Apologétique

Chapitre XVII

Le Dieu que nous adorons est un Dieu unique, dont la parole qui commande, dont la sagesse qui dispose, dont la force qui produit, a tiré du néant le monde et les éléments, les corps et les esprits, pour être l’ornement de sa grandeur. C’est pour cela que les Grecs ont donné au monde un nom qui signifie ornement. Dieu est invisible, quoiqu’il se manifeste partout ; insaisissable, quoique sa grâce nous le représente ; incompréhensible, quoique l’intelligence humaine s’élève jusqu’à lui. Par là même se prouvent sa vérité et sa grandeur ; car ce qu’on peut voir à la manière ordinaire, ce qu’on peut comprendre et saisir, est inférieur à l’œil qui voit, à la main qui touche, à la raison qui comprend ; mais ce qui est immense ne peut être parfaitement connu que de soi-même. Rien ne donne une idée plus magnifique de Dieu que l’impuissance où nous sommes de le concevoir. Son essence, qui ne connaît point de bornes, le découvre et le cache tout à la fois aux regards des hommes ; aussi leur plus grand crime, c’est de ne pas vouloir reconnaître celui qu’il est impossible d’ignorer.

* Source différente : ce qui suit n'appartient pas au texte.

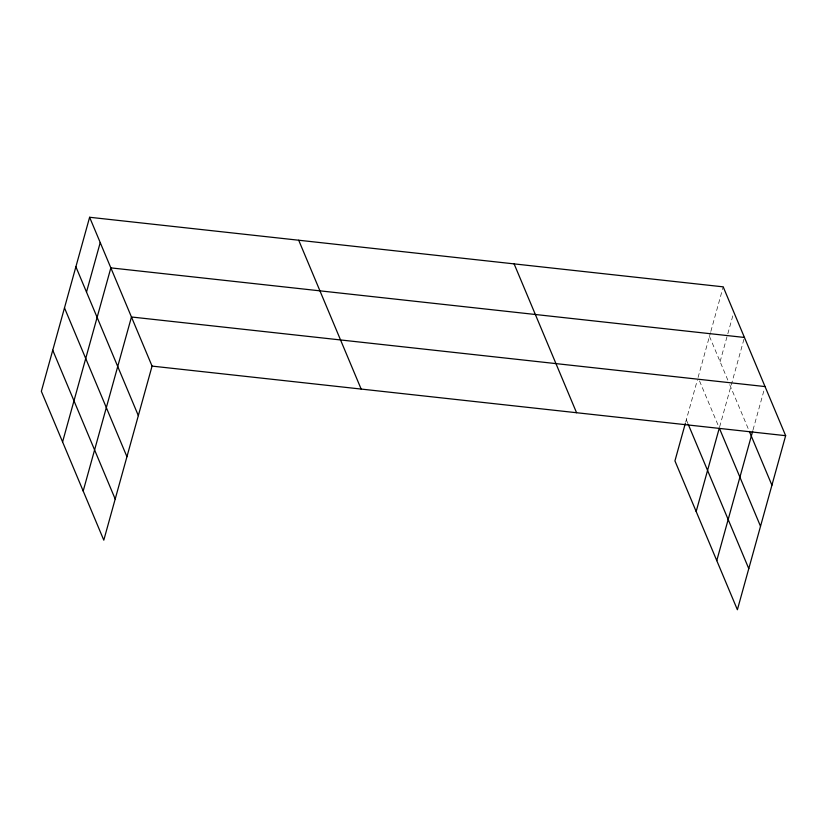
<?xml version="1.0" encoding="UTF-8"?>
<svg xmlns="http://www.w3.org/2000/svg" width="827" height="827" viewBox="0 0 827 827"><rect width="100%" height="100%" fill="white"/><g stroke="black" fill="none" stroke-linecap="round" stroke-linejoin="round"><path stroke-width="0.62" stroke-dasharray="4.13 3.1" d="M685.655 422.215L697.399 379.882M698.071 377.453L710.496 332.65M710.848 331.41L723.201 286.845M720.09 361.668L733.477 313.392M719.645 426.856L744.093 338.688M753.025 429.895L764.014 390.282M709.473 336.362L727.812 380.069M729.734 384.669L748.859 430.236M699.518 380.906L718.818 426.908M686.327 419.796L688.26 424.396"/><path stroke-width="1.24" d="M89.616 217.263L41.35 391.316L103.799 540.155L152.065 366.103L89.616 217.263L723.201 286.845L785.65 435.684L737.384 609.737L674.935 460.897L685.325 423.424M86.504 292.086L100.232 242.569M62.583 441.918L110.849 267.876L744.434 337.457M83.186 491.031L131.462 316.989L765.037 386.571M696.169 511.5L719.304 428.066L760.52 526.292M716.771 560.613L752.684 431.136M152.065 366.103L785.65 435.684M749.345 431.405L771.922 485.201M688.26 424.396L748.776 568.635M514.115 263.885L576.564 412.725M298.702 240.233L361.151 389.062M75.888 266.78L138.336 415.619M64.485 307.882L126.934 456.711M52.742 350.214L115.201 499.053"/></g></svg>

Voulez-vous qu’on vous prouve l’existence de Dieu par tant et de si merveilleux ouvrages sortis de ses mains, par ceux qui nous environnent, par ceux qui nous conservent, par ceux qui nous réjouissent, par ceux mêmes qui nous épouvantent ? Voulez-vous écouter le témoignage de votre âme ? interrogez-la. Malgré la prison d’un corps qui la captive, malgré les préjugés de l’éducation qui arrêtent son essor, malgré les passions qui l’énervent, et les idoles qui la tiennent en esclavage, lorsqu’elle sort comme de l’ivresse ou d’un profond sommeil, ou d’une maladie, et qu’elle recouvre pour ainsi dire la santé, la voilà qui invoque Dieu sous le nom seul qui lui convienne. Grand Dieu ! bon Dieu ! ce qui flaira à Dieu ! tel est le cri universel. Elle le reconnaît aussi pour juge par ces paroles : Dieu le voit ! Je me repose sur Dieu ! Dieu me le rendra ! O témoignage de l’âme naturellement chrétienne ! Et quand elle tient ce langage, elle regarde, non le Capitole, mais le ciel ; elle sait bien que c’est la demeure du Dieu vivant, que c’est de lui, que c’est de là qu’elle descend.